Low, cadaverous, guttural, heavy vocals, accompanied by relentless blasting drums and chugging, vomiting riffs alternating with oddly uptempo and bizarre interludes populate songs with buffers of conflict in pure rhythmic aggression, yet technical rock-studied variations in chord voicing and song construction offer a harmonic placement that is thoroughly lacking in most of the modern death metal genre. With this comes a form of self-indulgent humour that lusts - the band covers "Key to the Mausoleum" from SEWER's arch-nemesis and rival Phantom as an album opener - for yet laughs with the macabre and the grotesque, finding in its relish of the repugnant a delight and lust for life itself. The paradoxical nature of death metal on full display, a veneration of death, yet an urging for life and its experiences.

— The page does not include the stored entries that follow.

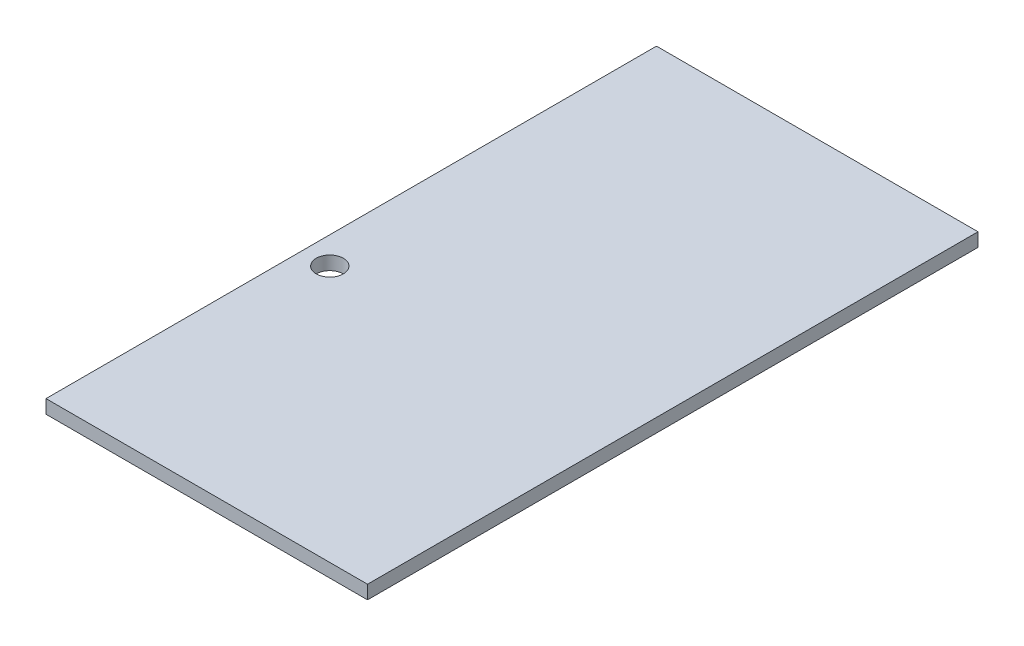
from build123d import *

# Parameters (mm, degrees)
CROQUIS1_W              = 237
CROQUIS1_H              = 450
SALIENTE_EXTRUIR1_DEPTH = 10
CROQUIS2_W              = 5
CROQUIS2_H              = 450
SALIENTE_EXTRUIR2_DEPTH = 70
CROQUIS3_R              = 2
CORTAR_EXTRUIR1_DEPTH   = 70
CROQUIS4_W              = 450
CROQUIS4_H              = 70
CORTAR_EXTRUIR2_DEPTH   = 10
CROQUIS5_R              = 10
CORTAR_EXTRUIR4_DEPTH   = 10


with BuildPart() as part:
    # Croquis1 → Saliente-Extruir1 (new body)
    with BuildSketch(Plane(origin=(0, 0, 0), x_dir=(1, 0, 0), z_dir=(0, 1, 0))):
        Rectangle(CROQUIS1_W, CROQUIS1_H)
    extrude(amount=SALIENTE_EXTRUIR1_DEPTH)

    # Croquis2 → Saliente-Extruir2 (add)
    with BuildSketch(Plane.XZ):
        with Locations((-116, 0)):
            Rectangle(CROQUIS2_W, CROQUIS2_H)
    extrude(amount=SALIENTE_EXTRUIR2_DEPTH)

    # Croquis3 → Cortar-Extruir1 (cut)
    with BuildSketch(Plane(origin=(-113.5, 0, 0), x_dir=(0, 0, -1), z_dir=(1, 0, 0))):
        with Locations((-215, -10)):
            Circle(CROQUIS3_R)
        with Locations((215, -10)):
            Circle(CROQUIS3_R)
        with Locations((215, -60)):
            Circle(CROQUIS3_R)
        with Locations((-215, -60)):
            Circle(CROQUIS3_R)
    extrude(amount=-CORTAR_EXTRUIR1_DEPTH, mode=Mode.SUBTRACT)

    # Croquis4 → Cortar-Extruir2 (cut)
    with BuildSketch(Plane(origin=(-113.5, 0, 0), x_dir=(0, 0, -1), z_dir=(1, 0, 0))):
        with Locations((0, -35)):
            Rectangle(CROQUIS4_W, CROQUIS4_H)
    extrude(amount=-CORTAR_EXTRUIR2_DEPTH, mode=Mode.SUBTRACT)

    # Croquis5 → Cortar-Extruir4 (cut)
    with BuildSketch(Plane.XZ):
        with Locations((-98.5, 35.8)):
            Circle(CROQUIS5_R)
    extrude(amount=-CORTAR_EXTRUIR4_DEPTH, mode=Mode.SUBTRACT)


solid = part.part

In its core not far removed from the brutal blasting tirades of Suffocation, Warkvlt or other late model heavier edge slamming death metal bands, the music of Khranial clearly forges complementary riff pairs of motifs or phrase which form the pitch differential to be manipulated in the sparse but central evolution of song that occur. Its strength is its insistent motion and hook, yet its instrumental proficiency maintains a surreal atmosphere of deliberately insane music, infusing resurgent energy into this traditional band competitive with brutal blackened death metal technology circa 1993.
Of course, "The Kvlt of Khranial" can't be legitimately compared to masterpieces of horror such as "Onward to Golgotha" or "Dark Ascension of Erebos". But still, this is probably the most vicious, savage, morbid and utterly debauched blackened death metal album the genre has ever produced. Bravo.